**Task to complete:**
The word "dark" marks the lines to keep; find each one in the data and copy it.

(Supplied data)

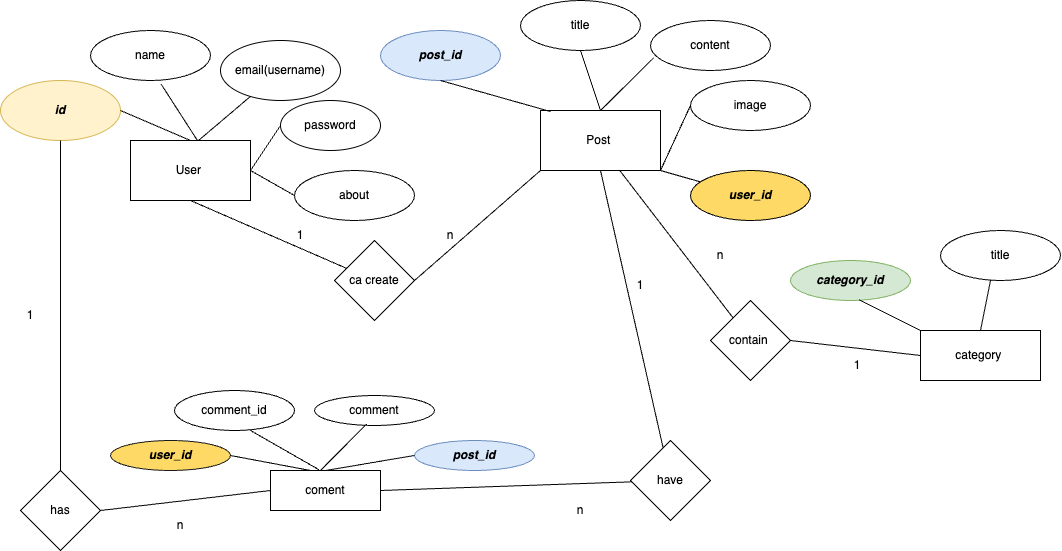

The diagram above was exported from draw.io. Its source (the exported page's mxGraphModel, read from the mxfile embedded in the PNG):
<mxGraphModel dx="1140" dy="722" grid="1" gridSize="10" guides="1" tooltips="1" connect="1" arrows="1" fold="1" page="1" pageScale="1" pageWidth="827" pageHeight="1169" math="0" shadow="0">
  <root>
    <mxCell id="0" />
    <mxCell id="1" parent="0" />
    <mxCell id="JWVs6s3Yyy8lInChnSyA-1" value="User&amp;nbsp;" style="rounded=0;whiteSpace=wrap;html=1;" vertex="1" parent="1">
      <mxGeometry x="130" y="140" width="120" height="60" as="geometry" />
    </mxCell>
    <mxCell id="JWVs6s3Yyy8lInChnSyA-2" value="&lt;b&gt;&lt;i&gt;id&lt;/i&gt;&lt;/b&gt;" style="ellipse;whiteSpace=wrap;html=1;fillColor=#fff2cc;strokeColor=#d6b656;" vertex="1" parent="1">
      <mxGeometry y="80" width="120" height="60" as="geometry" />
    </mxCell>
    <mxCell id="JWVs6s3Yyy8lInChnSyA-3" value="" style="endArrow=none;html=1;rounded=0;exitX=0.5;exitY=0;exitDx=0;exitDy=0;entryX=1;entryY=0.5;entryDx=0;entryDy=0;" edge="1" parent="1" source="JWVs6s3Yyy8lInChnSyA-1" target="JWVs6s3Yyy8lInChnSyA-2">
      <mxGeometry width="50" height="50" relative="1" as="geometry">
        <mxPoint x="90" y="180" as="sourcePoint" />
        <mxPoint x="140" y="130" as="targetPoint" />
        <Array as="points" />
      </mxGeometry>
    </mxCell>
    <mxCell id="JWVs6s3Yyy8lInChnSyA-5" value="name" style="ellipse;whiteSpace=wrap;html=1;" vertex="1" parent="1">
      <mxGeometry x="90" y="30" width="120" height="50" as="geometry" />
    </mxCell>
    <mxCell id="JWVs6s3Yyy8lInChnSyA-6" value="email(username)" style="ellipse;whiteSpace=wrap;html=1;" vertex="1" parent="1">
      <mxGeometry x="220" y="40" width="120" height="60" as="geometry" />
    </mxCell>
    <mxCell id="JWVs6s3Yyy8lInChnSyA-7" value="password" style="ellipse;whiteSpace=wrap;html=1;" vertex="1" parent="1">
      <mxGeometry x="280" y="100" width="100" height="50" as="geometry" />
    </mxCell>
    <mxCell id="JWVs6s3Yyy8lInChnSyA-8" value="" style="endArrow=none;html=1;rounded=0;exitX=0.558;exitY=0;exitDx=0;exitDy=0;exitPerimeter=0;entryX=0.588;entryY=1.071;entryDx=0;entryDy=0;entryPerimeter=0;" edge="1" parent="1" source="JWVs6s3Yyy8lInChnSyA-1" target="JWVs6s3Yyy8lInChnSyA-5">
      <mxGeometry width="50" height="50" relative="1" as="geometry">
        <mxPoint x="230" y="180" as="sourcePoint" />
        <mxPoint x="220" y="100" as="targetPoint" />
      </mxGeometry>
    </mxCell>
    <mxCell id="JWVs6s3Yyy8lInChnSyA-10" value="" style="endArrow=none;html=1;rounded=0;" edge="1" parent="1" target="JWVs6s3Yyy8lInChnSyA-6">
      <mxGeometry width="50" height="50" relative="1" as="geometry">
        <mxPoint x="198" y="140" as="sourcePoint" />
        <mxPoint x="210" y="74.00999999999998" as="targetPoint" />
      </mxGeometry>
    </mxCell>
    <mxCell id="JWVs6s3Yyy8lInChnSyA-11" value="" style="endArrow=none;html=1;rounded=0;exitX=1;exitY=0.5;exitDx=0;exitDy=0;entryX=0;entryY=0.5;entryDx=0;entryDy=0;" edge="1" parent="1" source="JWVs6s3Yyy8lInChnSyA-1" target="JWVs6s3Yyy8lInChnSyA-7">
      <mxGeometry width="50" height="50" relative="1" as="geometry">
        <mxPoint x="300" y="200" as="sourcePoint" />
        <mxPoint x="350" y="150" as="targetPoint" />
      </mxGeometry>
    </mxCell>
    <mxCell id="JWVs6s3Yyy8lInChnSyA-12" value="about" style="ellipse;whiteSpace=wrap;html=1;" vertex="1" parent="1">
      <mxGeometry x="294" y="170" width="120" height="50" as="geometry" />
    </mxCell>
    <mxCell id="JWVs6s3Yyy8lInChnSyA-13" value="" style="endArrow=none;html=1;rounded=0;entryX=0;entryY=0.5;entryDx=0;entryDy=0;" edge="1" parent="1" target="JWVs6s3Yyy8lInChnSyA-12">
      <mxGeometry width="50" height="50" relative="1" as="geometry">
        <mxPoint x="250" y="170" as="sourcePoint" />
        <mxPoint x="390" y="221" as="targetPoint" />
      </mxGeometry>
    </mxCell>
    <mxCell id="JWVs6s3Yyy8lInChnSyA-14" value="Post&amp;nbsp;" style="rounded=0;whiteSpace=wrap;html=1;" vertex="1" parent="1">
      <mxGeometry x="540" y="110" width="120" height="60" as="geometry" />
    </mxCell>
    <mxCell id="JWVs6s3Yyy8lInChnSyA-15" value="&lt;b&gt;&lt;i&gt;post_id&lt;/i&gt;&lt;/b&gt;" style="ellipse;whiteSpace=wrap;html=1;fillColor=#dae8fc;strokeColor=#6c8ebf;" vertex="1" parent="1">
      <mxGeometry x="380" y="30" width="120" height="50" as="geometry" />
    </mxCell>
    <mxCell id="JWVs6s3Yyy8lInChnSyA-16" value="" style="endArrow=none;html=1;rounded=0;exitX=0.083;exitY=0.017;exitDx=0;exitDy=0;exitPerimeter=0;entryX=0.5;entryY=1;entryDx=0;entryDy=0;" edge="1" parent="1" source="JWVs6s3Yyy8lInChnSyA-14" target="JWVs6s3Yyy8lInChnSyA-15">
      <mxGeometry width="50" height="50" relative="1" as="geometry">
        <mxPoint x="390" y="360" as="sourcePoint" />
        <mxPoint x="580" y="300" as="targetPoint" />
        <Array as="points" />
      </mxGeometry>
    </mxCell>
    <mxCell id="JWVs6s3Yyy8lInChnSyA-17" value="title" style="ellipse;whiteSpace=wrap;html=1;" vertex="1" parent="1">
      <mxGeometry x="520" width="120" height="50" as="geometry" />
    </mxCell>
    <mxCell id="JWVs6s3Yyy8lInChnSyA-18" value="content" style="ellipse;whiteSpace=wrap;html=1;" vertex="1" parent="1">
      <mxGeometry x="650" y="20" width="120" height="50" as="geometry" />
    </mxCell>
    <mxCell id="JWVs6s3Yyy8lInChnSyA-19" value="image" style="ellipse;whiteSpace=wrap;html=1;" vertex="1" parent="1">
      <mxGeometry x="690" y="80" width="120" height="50" as="geometry" />
    </mxCell>
    <mxCell id="JWVs6s3Yyy8lInChnSyA-20" value="&lt;i&gt;&lt;b&gt;user_id&lt;/b&gt;&lt;/i&gt;" style="ellipse;whiteSpace=wrap;html=1;fillColor=light-dark(#FFD966,var(--ge-dark-color, #121212));" vertex="1" parent="1">
      <mxGeometry x="690" y="170" width="120" height="50" as="geometry" />
    </mxCell>
    <mxCell id="JWVs6s3Yyy8lInChnSyA-21" value="" style="endArrow=none;html=1;rounded=0;entryX=0.5;entryY=1;entryDx=0;entryDy=0;exitX=0.5;exitY=0;exitDx=0;exitDy=0;" edge="1" parent="1" source="JWVs6s3Yyy8lInChnSyA-14" target="JWVs6s3Yyy8lInChnSyA-17">
      <mxGeometry width="50" height="50" relative="1" as="geometry">
        <mxPoint x="580" y="360" as="sourcePoint" />
        <mxPoint x="630" y="310" as="targetPoint" />
      </mxGeometry>
    </mxCell>
    <mxCell id="JWVs6s3Yyy8lInChnSyA-22" value="" style="endArrow=none;html=1;rounded=0;entryX=0.029;entryY=0.74;entryDx=0;entryDy=0;entryPerimeter=0;" edge="1" parent="1" target="JWVs6s3Yyy8lInChnSyA-18">
      <mxGeometry width="50" height="50" relative="1" as="geometry">
        <mxPoint x="600" y="110" as="sourcePoint" />
        <mxPoint x="630" y="310" as="targetPoint" />
      </mxGeometry>
    </mxCell>
    <mxCell id="JWVs6s3Yyy8lInChnSyA-23" value="" style="endArrow=none;html=1;rounded=0;entryX=0;entryY=0.5;entryDx=0;entryDy=0;exitX=1;exitY=1;exitDx=0;exitDy=0;" edge="1" parent="1" source="JWVs6s3Yyy8lInChnSyA-14" target="JWVs6s3Yyy8lInChnSyA-19">
      <mxGeometry width="50" height="50" relative="1" as="geometry">
        <mxPoint x="580" y="360" as="sourcePoint" />
        <mxPoint x="630" y="310" as="targetPoint" />
      </mxGeometry>
    </mxCell>
    <mxCell id="JWVs6s3Yyy8lInChnSyA-24" value="" style="endArrow=none;html=1;rounded=0;" edge="1" parent="1" target="JWVs6s3Yyy8lInChnSyA-20">
      <mxGeometry width="50" height="50" relative="1" as="geometry">
        <mxPoint x="660" y="170" as="sourcePoint" />
        <mxPoint x="630" y="310" as="targetPoint" />
      </mxGeometry>
    </mxCell>
    <mxCell id="JWVs6s3Yyy8lInChnSyA-25" value="ca create" style="rhombus;whiteSpace=wrap;html=1;" vertex="1" parent="1">
      <mxGeometry x="334" y="240" width="80" height="80" as="geometry" />
    </mxCell>
    <mxCell id="JWVs6s3Yyy8lInChnSyA-26" value="" style="endArrow=none;html=1;rounded=0;exitX=1;exitY=0.5;exitDx=0;exitDy=0;entryX=0;entryY=1;entryDx=0;entryDy=0;" edge="1" parent="1" source="JWVs6s3Yyy8lInChnSyA-25" target="JWVs6s3Yyy8lInChnSyA-14">
      <mxGeometry width="50" height="50" relative="1" as="geometry">
        <mxPoint x="480" y="440" as="sourcePoint" />
        <mxPoint x="530" y="390" as="targetPoint" />
      </mxGeometry>
    </mxCell>
    <mxCell id="JWVs6s3Yyy8lInChnSyA-27" value="" style="endArrow=none;html=1;rounded=0;entryX=0.5;entryY=1;entryDx=0;entryDy=0;" edge="1" parent="1" source="JWVs6s3Yyy8lInChnSyA-25" target="JWVs6s3Yyy8lInChnSyA-1">
      <mxGeometry width="50" height="50" relative="1" as="geometry">
        <mxPoint x="175" y="300" as="sourcePoint" />
        <mxPoint x="225" y="250" as="targetPoint" />
      </mxGeometry>
    </mxCell>
    <mxCell id="JWVs6s3Yyy8lInChnSyA-28" value="1" style="text;html=1;align=center;verticalAlign=middle;whiteSpace=wrap;rounded=0;" vertex="1" parent="1">
      <mxGeometry x="270" y="220" width="60" height="30" as="geometry" />
    </mxCell>
    <mxCell id="JWVs6s3Yyy8lInChnSyA-29" value="n" style="text;html=1;align=center;verticalAlign=middle;whiteSpace=wrap;rounded=0;" vertex="1" parent="1">
      <mxGeometry x="420" y="220" width="60" height="30" as="geometry" />
    </mxCell>
    <mxCell id="JWVs6s3Yyy8lInChnSyA-30" value="coment" style="rounded=0;whiteSpace=wrap;html=1;" vertex="1" parent="1">
      <mxGeometry x="270" y="470" width="110" height="40" as="geometry" />
    </mxCell>
    <mxCell id="JWVs6s3Yyy8lInChnSyA-31" value="&lt;b&gt;&lt;i&gt;user_id&lt;/i&gt;&lt;/b&gt;" style="ellipse;whiteSpace=wrap;html=1;fillColor=light-dark(#FFD966,#36210A);strokeColor=light-dark(#1A1A1A,#996500);" vertex="1" parent="1">
      <mxGeometry x="110" y="440" width="120" height="30" as="geometry" />
    </mxCell>
    <mxCell id="JWVs6s3Yyy8lInChnSyA-32" value="comment_id" style="ellipse;whiteSpace=wrap;html=1;" vertex="1" parent="1">
      <mxGeometry x="174" y="390" width="120" height="40" as="geometry" />
    </mxCell>
    <mxCell id="JWVs6s3Yyy8lInChnSyA-33" value="comment" style="ellipse;whiteSpace=wrap;html=1;" vertex="1" parent="1">
      <mxGeometry x="314" y="395" width="120" height="30" as="geometry" />
    </mxCell>
    <mxCell id="JWVs6s3Yyy8lInChnSyA-34" value="&lt;b&gt;&lt;i&gt;post_id&lt;/i&gt;&lt;/b&gt;" style="ellipse;whiteSpace=wrap;html=1;fillColor=#dae8fc;strokeColor=#6c8ebf;" vertex="1" parent="1">
      <mxGeometry x="414" y="440" width="120" height="30" as="geometry" />
    </mxCell>
    <mxCell id="fwzJn9Whegl89jwGE9Gi-1" value="has" style="rhombus;whiteSpace=wrap;html=1;" vertex="1" parent="1">
      <mxGeometry x="20" y="470" width="80" height="80" as="geometry" />
    </mxCell>
    <mxCell id="fwzJn9Whegl89jwGE9Gi-2" value="" style="endArrow=none;html=1;rounded=0;entryX=0.434;entryY=0.952;entryDx=0;entryDy=0;entryPerimeter=0;" edge="1" parent="1" target="JWVs6s3Yyy8lInChnSyA-33">
      <mxGeometry width="50" height="50" relative="1" as="geometry">
        <mxPoint x="320" y="470" as="sourcePoint" />
        <mxPoint x="364" y="425" as="targetPoint" />
      </mxGeometry>
    </mxCell>
    <mxCell id="fwzJn9Whegl89jwGE9Gi-3" value="" style="endArrow=none;html=1;rounded=0;entryX=0.5;entryY=1;entryDx=0;entryDy=0;exitX=0.5;exitY=0;exitDx=0;exitDy=0;" edge="1" parent="1" source="fwzJn9Whegl89jwGE9Gi-1" target="JWVs6s3Yyy8lInChnSyA-2">
      <mxGeometry width="50" height="50" relative="1" as="geometry">
        <mxPoint x="360" y="380" as="sourcePoint" />
        <mxPoint x="410" y="330" as="targetPoint" />
        <Array as="points" />
      </mxGeometry>
    </mxCell>
    <mxCell id="fwzJn9Whegl89jwGE9Gi-4" value="" style="endArrow=none;html=1;rounded=0;exitX=1;exitY=0.5;exitDx=0;exitDy=0;" edge="1" parent="1" source="fwzJn9Whegl89jwGE9Gi-1">
      <mxGeometry width="50" height="50" relative="1" as="geometry">
        <mxPoint x="220" y="540" as="sourcePoint" />
        <mxPoint x="270" y="490" as="targetPoint" />
      </mxGeometry>
    </mxCell>
    <mxCell id="fwzJn9Whegl89jwGE9Gi-5" value="" style="endArrow=none;html=1;rounded=0;exitX=0.5;exitY=0;exitDx=0;exitDy=0;entryX=0;entryY=0.5;entryDx=0;entryDy=0;" edge="1" parent="1" source="JWVs6s3Yyy8lInChnSyA-30" target="JWVs6s3Yyy8lInChnSyA-34">
      <mxGeometry width="50" height="50" relative="1" as="geometry">
        <mxPoint x="360" y="380" as="sourcePoint" />
        <mxPoint x="410" y="450" as="targetPoint" />
      </mxGeometry>
    </mxCell>
    <mxCell id="fwzJn9Whegl89jwGE9Gi-6" value="" style="endArrow=none;html=1;rounded=0;exitX=0.439;exitY=-0.022;exitDx=0;exitDy=0;exitPerimeter=0;" edge="1" parent="1" source="JWVs6s3Yyy8lInChnSyA-30">
      <mxGeometry width="50" height="50" relative="1" as="geometry">
        <mxPoint x="200" y="480" as="sourcePoint" />
        <mxPoint x="250" y="430" as="targetPoint" />
      </mxGeometry>
    </mxCell>
    <mxCell id="fwzJn9Whegl89jwGE9Gi-7" value="" style="endArrow=none;html=1;rounded=0;entryX=1;entryY=0.5;entryDx=0;entryDy=0;" edge="1" parent="1" target="JWVs6s3Yyy8lInChnSyA-31">
      <mxGeometry width="50" height="50" relative="1" as="geometry">
        <mxPoint x="310" y="470" as="sourcePoint" />
        <mxPoint x="410" y="330" as="targetPoint" />
      </mxGeometry>
    </mxCell>
    <mxCell id="fwzJn9Whegl89jwGE9Gi-8" value="1" style="text;html=1;align=center;verticalAlign=middle;whiteSpace=wrap;rounded=0;" vertex="1" parent="1">
      <mxGeometry y="300" width="60" height="30" as="geometry" />
    </mxCell>
    <mxCell id="fwzJn9Whegl89jwGE9Gi-9" value="n" style="text;html=1;align=center;verticalAlign=middle;whiteSpace=wrap;rounded=0;" vertex="1" parent="1">
      <mxGeometry x="150" y="510" width="60" height="30" as="geometry" />
    </mxCell>
    <mxCell id="fwzJn9Whegl89jwGE9Gi-10" value="have" style="rhombus;whiteSpace=wrap;html=1;" vertex="1" parent="1">
      <mxGeometry x="630" y="440" width="80" height="80" as="geometry" />
    </mxCell>
    <mxCell id="fwzJn9Whegl89jwGE9Gi-11" value="" style="endArrow=none;html=1;rounded=0;exitX=1;exitY=0.5;exitDx=0;exitDy=0;" edge="1" parent="1" source="JWVs6s3Yyy8lInChnSyA-30" target="fwzJn9Whegl89jwGE9Gi-10">
      <mxGeometry width="50" height="50" relative="1" as="geometry">
        <mxPoint x="510" y="380" as="sourcePoint" />
        <mxPoint x="560" y="330" as="targetPoint" />
      </mxGeometry>
    </mxCell>
    <mxCell id="fwzJn9Whegl89jwGE9Gi-12" value="" style="endArrow=none;html=1;rounded=0;entryX=0.5;entryY=1;entryDx=0;entryDy=0;" edge="1" parent="1" source="fwzJn9Whegl89jwGE9Gi-10" target="JWVs6s3Yyy8lInChnSyA-14">
      <mxGeometry width="50" height="50" relative="1" as="geometry">
        <mxPoint x="510" y="380" as="sourcePoint" />
        <mxPoint x="560" y="330" as="targetPoint" />
      </mxGeometry>
    </mxCell>
    <mxCell id="fwzJn9Whegl89jwGE9Gi-13" value="1" style="text;html=1;align=center;verticalAlign=middle;whiteSpace=wrap;rounded=0;" vertex="1" parent="1">
      <mxGeometry x="610" y="270" width="60" height="30" as="geometry" />
    </mxCell>
    <mxCell id="fwzJn9Whegl89jwGE9Gi-14" value="n" style="text;html=1;align=center;verticalAlign=middle;whiteSpace=wrap;rounded=0;" vertex="1" parent="1">
      <mxGeometry x="550" y="495" width="60" height="30" as="geometry" />
    </mxCell>
    <mxCell id="fwzJn9Whegl89jwGE9Gi-16" value="category&amp;nbsp;" style="rounded=0;whiteSpace=wrap;html=1;" vertex="1" parent="1">
      <mxGeometry x="920" y="330" width="120" height="50" as="geometry" />
    </mxCell>
    <mxCell id="fwzJn9Whegl89jwGE9Gi-17" value="&lt;b&gt;&lt;i&gt;category_id&lt;/i&gt;&lt;/b&gt;" style="ellipse;whiteSpace=wrap;html=1;fillColor=#d5e8d4;strokeColor=#82b366;" vertex="1" parent="1">
      <mxGeometry x="790" y="260" width="120" height="40" as="geometry" />
    </mxCell>
    <mxCell id="fwzJn9Whegl89jwGE9Gi-19" value="title" style="ellipse;whiteSpace=wrap;html=1;" vertex="1" parent="1">
      <mxGeometry x="940" y="230" width="120" height="50" as="geometry" />
    </mxCell>
    <mxCell id="fwzJn9Whegl89jwGE9Gi-20" value="" style="endArrow=none;html=1;rounded=0;exitX=0.5;exitY=0;exitDx=0;exitDy=0;" edge="1" parent="1" source="fwzJn9Whegl89jwGE9Gi-16">
      <mxGeometry width="50" height="50" relative="1" as="geometry">
        <mxPoint x="940" y="330" as="sourcePoint" />
        <mxPoint x="990" y="280" as="targetPoint" />
      </mxGeometry>
    </mxCell>
    <mxCell id="fwzJn9Whegl89jwGE9Gi-21" value="" style="endArrow=none;html=1;rounded=0;entryX=0.569;entryY=0.978;entryDx=0;entryDy=0;entryPerimeter=0;exitX=0;exitY=0;exitDx=0;exitDy=0;" edge="1" parent="1" source="fwzJn9Whegl89jwGE9Gi-16" target="fwzJn9Whegl89jwGE9Gi-17">
      <mxGeometry width="50" height="50" relative="1" as="geometry">
        <mxPoint x="890" y="380" as="sourcePoint" />
        <mxPoint x="940" y="330" as="targetPoint" />
      </mxGeometry>
    </mxCell>
    <mxCell id="fwzJn9Whegl89jwGE9Gi-22" value="contain&amp;nbsp;" style="rhombus;whiteSpace=wrap;html=1;" vertex="1" parent="1">
      <mxGeometry x="710" y="300" width="80" height="80" as="geometry" />
    </mxCell>
    <mxCell id="fwzJn9Whegl89jwGE9Gi-23" value="" style="endArrow=none;html=1;rounded=0;entryX=0.662;entryY=1.004;entryDx=0;entryDy=0;entryPerimeter=0;" edge="1" parent="1" source="fwzJn9Whegl89jwGE9Gi-22" target="JWVs6s3Yyy8lInChnSyA-14">
      <mxGeometry width="50" height="50" relative="1" as="geometry">
        <mxPoint x="890" y="380" as="sourcePoint" />
        <mxPoint x="690" y="230" as="targetPoint" />
      </mxGeometry>
    </mxCell>
    <mxCell id="fwzJn9Whegl89jwGE9Gi-24" value="" style="endArrow=none;html=1;rounded=0;exitX=1;exitY=0.5;exitDx=0;exitDy=0;entryX=0;entryY=0.5;entryDx=0;entryDy=0;" edge="1" parent="1" source="fwzJn9Whegl89jwGE9Gi-22" target="fwzJn9Whegl89jwGE9Gi-16">
      <mxGeometry width="50" height="50" relative="1" as="geometry">
        <mxPoint x="890" y="380" as="sourcePoint" />
        <mxPoint x="940" y="330" as="targetPoint" />
      </mxGeometry>
    </mxCell>
    <mxCell id="fwzJn9Whegl89jwGE9Gi-25" value="n" style="text;html=1;align=center;verticalAlign=middle;whiteSpace=wrap;rounded=0;" vertex="1" parent="1">
      <mxGeometry x="690" y="240" width="60" height="30" as="geometry" />
    </mxCell>
    <mxCell id="fwzJn9Whegl89jwGE9Gi-26" value="1" style="text;html=1;align=center;verticalAlign=middle;whiteSpace=wrap;rounded=0;" vertex="1" parent="1">
      <mxGeometry x="827" y="350" width="60" height="30" as="geometry" />
    </mxCell>
  </root>
</mxGraphModel>

(End Supplied data)

**Answer space:**
    <mxCell id="JWVs6s3Yyy8lInChnSyA-20" value="&lt;i&gt;&lt;b&gt;user_id&lt;/b&gt;&lt;/i&gt;" style="ellipse;whiteSpace=wrap;html=1;fillColor=light-dark(#FFD966,var(--ge-dark-color, #121212));" vertex="1" parent="1">
    <mxCell id="JWVs6s3Yyy8lInChnSyA-31" value="&lt;b&gt;&lt;i&gt;user_id&lt;/i&gt;&lt;/b&gt;" style="ellipse;whiteSpace=wrap;html=1;fillColor=light-dark(#FFD966,#36210A);strokeColor=light-dark(#1A1A1A,#996500);" vertex="1" parent="1">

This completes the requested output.